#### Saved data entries
*** Block opens ***
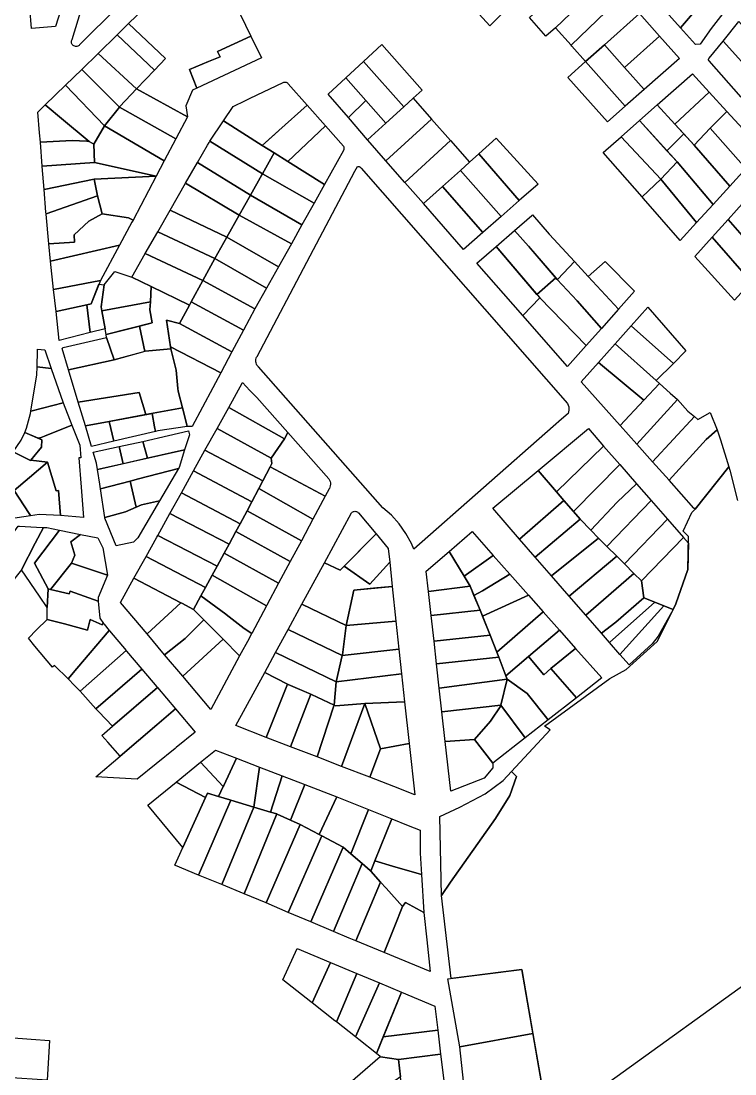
# Model space of a CAD drawing. Header units: millimetres. Extents: x 522658 to 553925, y 7796479 to 7820139.
# Drawn here: x 540941 to 541294, y 7802396 to 7802916 of the extents above; entities that cross this region are included whole.
import ezdxf

# ---------------------------------------------------------------- set-up
doc = ezdxf.new("R2010")
doc.units = ezdxf.units.MM
doc.layers.add('ZONA RESIDENCIAL 2 (ZR_2)', color=2, linetype='Continuous')

msp = doc.modelspace()

# ---------------------------------------------------------------- linework, layer by layer
at = {"layer": 'ZONA RESIDENCIAL 2 (ZR_2)'}
for points in [[(541054.59, 7802908.38), (541038.14, 7802900.67), (541039.47, 7802898.15), (541033.78, 7802895.77), (541024.25, 7802891.93), (541028.01, 7802882.68), (541027.87, 7802882.62), (541025.73, 7802881.61), (541022.58, 7802873.97), (541023.26, 7802868.54), (540998.18, 7802882.25), (541006.97, 7802891.45), (541012.49, 7802897.23), (540994.28, 7802914.54), (540998.23, 7802918.39), (541004.83, 7802924.84), (541033.17, 7802952.5), (541054.59, 7802908.38)], [(541205.01, 7802912.47), (541200.27, 7802908.25), (541192.1, 7802917.46), (541196.79, 7802921.71), (541197.48, 7802922.36), (541222.76, 7802946.41), (541230.85, 7802937.24), (541205.01, 7802912.47)], [(541181.2, 7802922.02), (541172.55, 7802913.39), (541154.66, 7802933.2), (541163.23, 7802941.91), (541181.2, 7802922.02)], [(541258.08, 7802922.01), (541276.84, 7802940.77), (541283.27, 7802932.09), (541266.74, 7802912.38), (541258.12, 7802921.96), (541258.08, 7802922.01)], [(541238.42, 7802928.66), (541212.67, 7802903.86), (541205.01, 7802912.47), (541230.85, 7802937.24), (541238.42, 7802928.66)], [(540950.88, 7802932.3), (540963.05, 7802928.8), (540958.1, 7802913.07), (540946.31, 7802912.09), (540944.62, 7802932.64), (540950.88, 7802932.3)], [(541266.74, 7802912.38), (541283.27, 7802932.09), (541291.66, 7802924.38), (541287.61, 7802919.46), (541281.79, 7802912.06), (541276.34, 7802904.39), (541274.02, 7802904.28), (541266.74, 7802912.38)], [(540988.76, 7802922.7), (540970.29, 7802904.36), (540970.07, 7802904.05), (540969.8, 7802903.78), (540969.49, 7802903.56), (540969.15, 7802903.4), (540968.78, 7802903.29), (540968.4, 7802903.24), (540968.02, 7802903.26), (540967.65, 7802903.34), (540967.3, 7802903.48), (540966.97, 7802903.67), (540966.68, 7802903.92), (540966.44, 7802904.21), (540966.24, 7802904.54), (540966.1, 7802904.89), (540966.03, 7802905.27), (540966.01, 7802905.65), (540966.06, 7802906.02), (540966.17, 7802906.39), (540966.34, 7802906.73), (540973.02, 7802928.36), (540988.76, 7802922.7)], [(541246.48, 7802919.53), (541229.11, 7802904.03), (541219.86, 7802895.78), (541213.06, 7802903.43), (541212.67, 7802903.86), (541238.42, 7802928.66), (541246.48, 7802919.53)], [(541256.34, 7802908.37), (541239.01, 7802892.91), (541229.11, 7802904.03), (541246.48, 7802919.53), (541256.34, 7802908.37)], [(541012.49, 7802897.23), (541006.97, 7802891.45), (540988.55, 7802908.95), (540994.28, 7802914.54), (541012.49, 7802897.23)], [(541304.43, 7802887.37), (541287.68, 7802905.92), (541295.45, 7802915.61), (541312.35, 7802896.53), (541304.43, 7802887.37)], [(541006.97, 7802891.45), (540998.18, 7802882.25), (540979.22, 7802899.84), (540988.55, 7802908.95), (541006.97, 7802891.45)], [(541028.01, 7802882.68), (541024.25, 7802891.93), (541033.78, 7802895.77), (541039.47, 7802898.15), (541038.14, 7802900.67), (541054.59, 7802908.38), (541059.79, 7802897.66), (541028.01, 7802882.68)], [(541239.01, 7802892.91), (541256.34, 7802908.37), (541266.17, 7802897.24), (541248.74, 7802881.98), (541239.01, 7802892.91)], [(541139.12, 7802881.73), (541134.7, 7802877.67), (541130.07, 7802873.43), (541110.27, 7802895.87), (541119.3, 7802904.25), (541139.12, 7802881.73)], [(541248.74, 7802881.98), (541239.41, 7802873.81), (541219.86, 7802895.78), (541229.11, 7802904.03), (541239.01, 7802892.91), (541248.74, 7802881.98)], [(541280.61, 7802897.09), (541280.68, 7802897.22), (541280.77, 7802897.33), (541280.88, 7802897.43), (541287.68, 7802905.92), (541304.43, 7802887.37), (541296.57, 7802878.27), (541280.8, 7802896.06), (541280.71, 7802896.17), (541280.64, 7802896.29), (541280.58, 7802896.41), (541280.54, 7802896.55), (541280.53, 7802896.69), (541280.53, 7802896.82), (541280.56, 7802896.96), (541280.61, 7802897.09)], [(540989.75, 7802873.24), (540971.12, 7802891.93), (540979.22, 7802899.84), (540998.18, 7802882.25), (540989.98, 7802873.52), (540989.75, 7802873.24)], [(541130.07, 7802873.43), (541121.25, 7802865.34), (541101.45, 7802887.68), (541110.27, 7802895.87), (541130.07, 7802873.43)], [(541230.59, 7802866.09), (541211.12, 7802887.98), (541219.86, 7802895.78), (541239.41, 7802873.81), (541230.59, 7802866.09)], [(540989.75, 7802873.24), (540982.32, 7802864.07), (540963.13, 7802884.13), (540971.12, 7802891.93), (540989.75, 7802873.24)], [(541111.35, 7802876.51), (541102.77, 7802868.1), (541092.8, 7802879.65), (541101.45, 7802887.68), (541111.35, 7802876.51)], [(541280.89, 7802880.66), (541263.9, 7802864.95), (541255.2, 7802874.4), (541272.58, 7802889.73), (541280.89, 7802880.66)], [(540977.12, 7802854.92), (540974.87, 7802856.35), (540973.73, 7802857.08), (540962.06, 7802866.91), (540953.16, 7802874.41), (540963.13, 7802884.13), (540982.32, 7802864.07), (540977.12, 7802854.92)], [(541066.43, 7802859.94), (541060.26, 7802854.42), (541041.06, 7802866.47), (541045.87, 7802873.56), (541051.95, 7802876.5), (541054.3, 7802877.63), (541070.62, 7802885.49), (541070.96, 7802885.59), (541071.32, 7802885.63), (541071.68, 7802885.62), (541072.03, 7802885.54), (541072.36, 7802885.4), (541072.66, 7802885.21), (541072.93, 7802884.97), (541073.02, 7802884.86), (541082.4, 7802874.22), (541068.48, 7802861.77), (541066.43, 7802859.94)], [(541017.51, 7802857.58), (540989.75, 7802873.24), (540989.98, 7802873.52), (540998.18, 7802882.25), (541023.26, 7802868.54), (541017.51, 7802857.58)], [(541143.81, 7802867.34), (541121.27, 7802846.8), (541112.42, 7802856.91), (541112.26, 7802857.1), (541121.25, 7802865.34), (541130.07, 7802873.43), (541134.7, 7802877.67), (541143.81, 7802867.34)], [(541289.56, 7802871.2), (541281.31, 7802862.86), (541273.49, 7802854.54), (541263.9, 7802864.95), (541280.89, 7802880.66), (541289.56, 7802871.2)], [(540973.73, 7802857.08), (540974.87, 7802856.35), (540973.69, 7802856.41), (540966.46, 7802856.75), (540950.72, 7802855.93), (540950.35, 7802860.59), (540949.53, 7802870.86), (540952.93, 7802874.18), (540953.16, 7802874.41), (540962.06, 7802866.91), (540973.73, 7802857.08)], [(541017.51, 7802857.58), (541011.8, 7802846.71), (540982.32, 7802864.07), (540989.75, 7802873.24), (541017.51, 7802857.58)], [(541060.26, 7802854.42), (541068.48, 7802861.77), (541082.4, 7802874.22), (541091.42, 7802864), (541072.88, 7802846.51), (541066.16, 7802850.72), (541060.26, 7802854.42)], [(541102.77, 7802868.1), (541111.35, 7802876.51), (541121.25, 7802865.34), (541112.26, 7802857.1), (541102.77, 7802868.1)], [(541268.31, 7802860.17), (541259.96, 7802851.76), (541246.38, 7802866.62), (541255.2, 7802874.4), (541263.9, 7802864.95), (541268.31, 7802860.17)], [(541121.27, 7802846.8), (541143.81, 7802867.34), (541153.1, 7802856.81), (541130.68, 7802836.04), (541121.27, 7802846.8)], [(541307.13, 7802852.02), (541298.85, 7802842.91), (541281.31, 7802862.86), (541289.56, 7802871.2), (541307.13, 7802852.02)], [(541011.8, 7802846.71), (541007.88, 7802839.25), (540977.42, 7802846.01), (540977.12, 7802854.92), (540982.32, 7802864.07), (541011.8, 7802846.71)], [(541060.38, 7802840.42), (541034.3, 7802856.48), (541034.35, 7802856.56), (541041.06, 7802866.47), (541060.26, 7802854.42), (541066.16, 7802850.72), (541060.38, 7802840.42)], [(541072.88, 7802846.51), (541091.42, 7802864), (541100.28, 7802853.96), (541100.43, 7802853.45), (541100.49, 7802852.93), (541100.47, 7802852.4), (541100.35, 7802851.89), (541090.99, 7802835.15), (541072.88, 7802846.51)], [(541257.01, 7802837.72), (541237.39, 7802858.69), (541246.38, 7802866.62), (541265, 7802846.24), (541257.01, 7802837.72)], [(541298.85, 7802842.91), (541291.05, 7802834.34), (541273.49, 7802854.54), (541281.31, 7802862.86), (541298.85, 7802842.91)], [(540973.69, 7802856.41), (540974.87, 7802856.35), (540977.12, 7802854.92), (540977.42, 7802846.01), (540951.65, 7802844.21), (540950.72, 7802855.93), (540966.46, 7802856.75), (540973.69, 7802856.41)], [(541060.38, 7802840.42), (541060.09, 7802839.91), (541054.44, 7802829.86), (541028.23, 7802845.87), (541033.18, 7802854.51), (541033.96, 7802855.87), (541034.3, 7802856.48), (541060.38, 7802840.42)], [(541130.68, 7802836.04), (541153.1, 7802856.81), (541162.56, 7802846.08), (541158.03, 7802842.01), (541149.22, 7802834.1), (541139.79, 7802825.63), (541130.68, 7802836.04)], [(541196.36, 7802835.32), (541187.06, 7802827.16), (541167.22, 7802850.26), (541175.73, 7802857.91), (541196.36, 7802835.32)], [(541247.82, 7802828.99), (541228.47, 7802850.83), (541237.39, 7802858.69), (541257.01, 7802837.72), (541247.82, 7802828.99)], [(541291.05, 7802834.34), (541282.74, 7802825.21), (541265, 7802846.24), (541259.96, 7802851.76), (541268.31, 7802860.17), (541273.49, 7802854.54), (541291.05, 7802834.34)], [(540977.28, 7802837.69), (540952.57, 7802832.62), (540951.66, 7802844.03), (540951.65, 7802844.21), (540977.42, 7802846.01), (541007.88, 7802839.25), (540977.28, 7802837.69)], [(541085.84, 7802825.94), (541060.38, 7802840.42), (541066.16, 7802850.72), (541072.88, 7802846.51), (541090.99, 7802835.15), (541085.84, 7802825.94)], [(541187.06, 7802827.16), (541178.15, 7802819.34), (541158.03, 7802842.01), (541162.56, 7802846.08), (541167.22, 7802850.26), (541187.06, 7802827.16)], [(541274.64, 7802816.3), (541257.01, 7802837.72), (541265, 7802846.24), (541282.74, 7802825.21), (541274.64, 7802816.3)], [(541048.83, 7802819.87), (541022.4, 7802835.69), (541028.23, 7802845.87), (541054.44, 7802829.86), (541048.83, 7802819.87)], [(541135.01, 7802655.04), (541133.84, 7802657.86), (541131.14, 7802662.88), (541127.85, 7802667.54), (541124.03, 7802671.78), (541119.73, 7802675.52), (541058.43, 7802745.09), (541058, 7802745.49), (541057.64, 7802745.94), (541057.35, 7802746.45), (541057.15, 7802747), (541057.03, 7802747.57), (541057, 7802748.16), (541057.07, 7802748.74), (541057.22, 7802749.3), (541057.44, 7802749.79), (541057.72, 7802750.25), (541083.91, 7802799.83), (541105.96, 7802841.59), (541107.25, 7802844.03), (541107.51, 7802844.05), (541107.76, 7802844.03), (541108.02, 7802843.98), (541108.26, 7802843.89), (541108.48, 7802843.76), (541109.06, 7802843.09), (541210.85, 7802726.97), (541211.24, 7802726.21), (541211.5, 7802725.4), (541211.62, 7802724.56), (541211.61, 7802723.7), (541211.46, 7802722.86), (541211.17, 7802722.06), (541207.95, 7802719.22), (541203.86, 7802715.62), (541135.01, 7802655.04)], [(541178.15, 7802819.34), (541169.09, 7802811.4), (541149.22, 7802834.1), (541158.03, 7802842.01), (541178.15, 7802819.34)], [(540978.94, 7802829.43), (540953.52, 7802820.68), (540953.47, 7802821.36), (540952.57, 7802832.62), (540977.28, 7802837.69), (540978.94, 7802829.43)], [(540996.44, 7802817.46), (540994.2, 7802818.66), (540981.16, 7802820.6), (540978.94, 7802829.43), (540977.28, 7802837.69), (541007.88, 7802839.25), (540996.44, 7802817.46)], [(541042.81, 7802809.17), (541014.81, 7802822.45), (541022.4, 7802835.69), (541048.83, 7802819.87), (541042.81, 7802809.17)], [(541085.84, 7802825.94), (541079.85, 7802815.21), (541054.44, 7802829.86), (541060.09, 7802839.91), (541060.38, 7802840.42), (541085.84, 7802825.94)], [(541257.01, 7802837.72), (541274.64, 7802816.3), (541266.55, 7802807.41), (541248.5, 7802828.21), (541247.82, 7802828.99), (541257.01, 7802837.72)], [(541169.09, 7802811.4), (541159.56, 7802803.04), (541139.79, 7802825.63), (541149.22, 7802834.1), (541169.09, 7802811.4)], [(540953.52, 7802820.68), (540978.94, 7802829.43), (540981.16, 7802820.6), (540974.66, 7802817.02), (540967.33, 7802810.27), (540967.54, 7802806.59), (540954.91, 7802805.87), (540953.54, 7802820.42), (540953.52, 7802820.68)], [(541079.85, 7802815.21), (541074.63, 7802805.88), (541048.83, 7802819.87), (541054.44, 7802829.86), (541079.85, 7802815.21)], [(541317.39, 7802805.45), (541308.72, 7802796.77), (541290.17, 7802817.86), (541298.45, 7802827.06), (541317.39, 7802805.45)], [(540996.44, 7802817.46), (540995.93, 7802816.48), (540989.83, 7802805.19), (540955.71, 7802797.3), (540954.91, 7802805.87), (540967.54, 7802806.59), (540967.33, 7802810.27), (540974.66, 7802817.02), (540981.16, 7802820.6), (540994.2, 7802818.66), (540996.44, 7802817.46)], [(541036.87, 7802798.6), (541008.71, 7802811.8), (541014.81, 7802822.45), (541042.81, 7802809.17), (541036.87, 7802798.6)], [(541206.09, 7802788.42), (541205.85, 7802788.16), (541191.94, 7802804.36), (541191.72, 7802804.62), (541184.79, 7802812.42), (541193.33, 7802819.86), (541193.71, 7802820.19), (541201.91, 7802810.58), (541202.08, 7802810.37), (541214.36, 7802797.03), (541206.09, 7802788.42)], [(541068.27, 7802794.52), (541042.81, 7802809.17), (541048.83, 7802819.87), (541074.63, 7802805.88), (541068.27, 7802794.52)], [(541308.57, 7802794.6), (541301.62, 7802787.01), (541282.28, 7802809.09), (541290.17, 7802817.86), (541308.72, 7802796.77), (541309.23, 7802796.19), (541309.65, 7802795.72), (541308.57, 7802794.6)], [(541030.85, 7802787.7), (541002.51, 7802800.98), (541008.71, 7802811.8), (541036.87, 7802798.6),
*** Block closes ***
#### Problem requirements
Search the entries for the word "RESIDENCIAL" and report how many lines contain it, as a bare number.

#### Result
2